Ivan si voltò, evitando lo sguardo pressante di Carla. Non era mai stato in grado di reggerlo più di pochi secondi. In realtà, nessuno reggeva mai il suo sguardo. Non che fosse penetrante o glaciale. Non incuteva timore e, anzi, ispirava una certa simpatia e, talvolta, una certa sensualità. Ivan, però, nel caso specifico, era fin troppo imbarazzato per osservarla a lungo. Gli altri, invece, lo facevano per apparire gentili, a modo loro. Carla aveva gli occhi di due colori diversi. Cinque anni prima, in seguito all’incidente nel quale aveva perso la vita suo padre, Carla aveva perso completamente l’uso della vista. Fortunatamente, qualcuno, da qualche parte nel mondo, morendo aveva donato tutti i suoi organi ancora funzionanti, compresi gli occhi. L’incidente non aveva lasciato a Carla nessun taglio, nessuna cicatrice, nessuna abrasione.
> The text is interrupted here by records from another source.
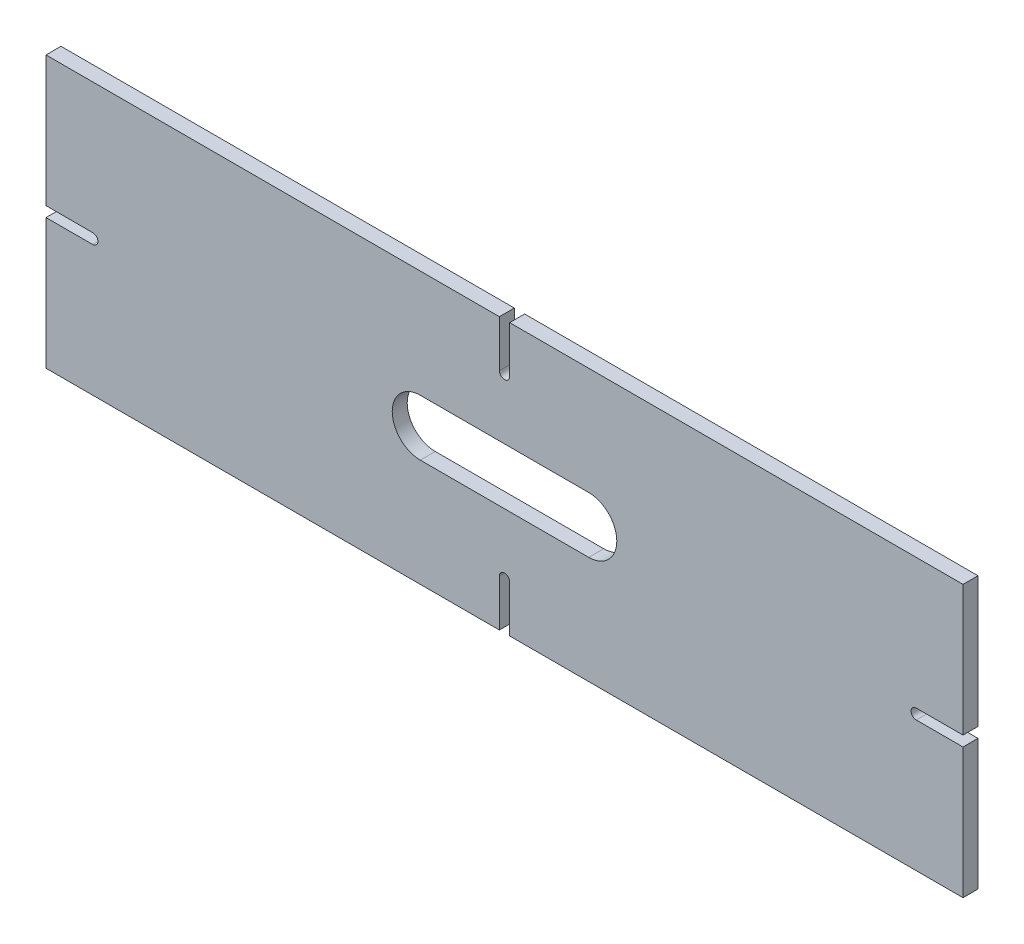
SolidWorks part; units mm, degrees
ref_plane "Front Plane" through (0, 0, 0) normal (0, 0, 1) x (1, 0, 0)
ref_plane "Top Plane" through (0, 0, 0) normal (0, 1, 0) x (1, 0, 0)
ref_plane "Right Plane" through (0, 0, 0) normal (1, 0, 0) x (0, 0, -1)
sketch "Sketch1" plane through (0, 0, 0) normal (0, 0, 1) x (1, 0, 0)
  line L0 (0, 72.5) -> (0, 47.5) construction
  line L1 (-245, -72.5) -> (245, -72.5)
  line L2 (-245, -72.5) -> (-245, 72.5)
  line L3 (-245, 72.5) -> (245, 72.5)
  line L4 (245, -72.5) -> (245, 72.5)
  line L5 (-245, -72.5) -> (245, 72.5) construction
  line L6 (-245, 72.5) -> (245, -72.5) construction
  line L7 (2.75, 72.5) -> (2.75, 47.5)
  line L8 (-2.75, 72.5) -> (-2.75, 47.5)
  line L9 (245, 0) -> (220, 0) construction
  line L10 (245, -2.75) -> (220, -2.75)
  line L11 (245, 2.75) -> (220, 2.75)
  line L12 (0, -72.5) -> (0, -47.5) construction
  line L13 (-2.75, -72.5) -> (-2.75, -47.5)
  line L14 (2.75, -72.5) -> (2.75, -47.5)
  line L15 (-245, 0) -> (-220, 0) construction
  line L16 (-245, 2.75) -> (-220, 2.75)
  line L17 (-245, -2.75) -> (-220, -2.75)
  line L18 (-45, 0) -> (45, 0) construction
  line L19 (-45, 15) -> (45, 15)
  line L20 (-45, -15) -> (45, -15)
  arc A0 (2.75, 72.5) -> (-2.75, 72.5) centre (0, 72.5) ccw
  arc A1 (-2.75, 47.5) -> (2.75, 47.5) centre (0, 47.5) ccw
  arc A2 (245, -2.75) -> (245, 2.75) centre (245, 0) ccw
  arc A3 (220, 2.75) -> (220, -2.75) centre (220, 0) ccw
  arc A4 (-2.75, -72.5) -> (2.75, -72.5) centre (0, -72.5) ccw
  arc A5 (2.75, -47.5) -> (-2.75, -47.5) centre (0, -47.5) ccw
  arc A6 (-245, 2.75) -> (-245, -2.75) centre (-245, 0) ccw
  arc A7 (-220, -2.75) -> (-220, 2.75) centre (-220, 0) ccw
  arc A8 (-45, 15) -> (-45, -15) centre (-45, 0) ccw
  arc A9 (45, -15) -> (45, 15) centre (45, 0) ccw
  point P0 (0, 0)
  point P8 (0, 60)
  point P13 (232.5, 0)
  point P20 (0, -60)
  point P27 (-232.5, 0)
  point P36 (0, 0)
  dimension "D1" = 25
  dimension "D2" = 25
  dimension "D3" = 25
  dimension "D4" = 25
  dimension "D5" = 5.5
  dimension "D6" = 5.5
  dimension "D7" = 5.5
  dimension "D8" = 5.5
  dimension "D9" = 90
  dimension "D10" = 30
  dimension "D11" = 145
  dimension "D12" = 490
extrude "Boss-Extrude3" add sketch "Sketch1" along normal blind 8 contours A7 L17 L2 L1 L13 A5 L14 L4 L10 A3 L11 L3 L7 A1 L8 L16 A9 L20 A8 L19

Solo due occhi che non erano i suoi e che differivano per colore. Guardarla dritta in viso sembrava a tutti un modo di far notare questa sua imperfezione, magari facendo tornare a galla i brutti momenti passati cinque anni prima. Così, nessuno la guardava davvero, se non superficialmente, quasi sbadatamente, quasi involontariamente. Era come se i suoi occhi fossero diventati due tende trasparenti oltre le quali non percepire esattamente la realtà. E, in effetti, era proprio così. Carla era sola.
«Si tratta solo di un’ipotesi.»
Fra i due ragazzi cadde il silenzio per una decina di secondi. Ivan cominciò a percepire chiaramente il suono dei suoi stessi respiri. Si sentì colto, come al solito, da una sensazione fortemente estraniante. Non trovava qualcosa di cui parlare. E se questa volta lei si fosse annoiata e gli avesse semplicemente chiesto di andarsene?
«Che hai fatto oggi?» ruppe, a un certo punto, il silenzio Carla. «Oltre lavorare, intendo.»
Ivan si voltò di scatto, abbandonando le sue dita che tamburellavano regolarmente. «Oggi? Ho guardato la televisione, appena sono tornato a casa.»
«Mi piace la televisione. Dovrei procurarmene una, in effetti. Anna non ce l’aveva quando sono arrivata qui e io non ho comprato mai nulla.»
«Oggi mandavano un bel film in televisione, quando l’ho accesa. Sì, davvero... davvero un bel film.»
Carla abbandonò lentamente il suo corpo, avvicinandosi a Ivan, lasciandosi cadere verso di lui. Poggiò il viso sul suo petto, dolcemente. Lui era sempre così agitato...
«A te piacciono i film, Carla?»
«I film...?» Carla alzò il volto dal suo petto.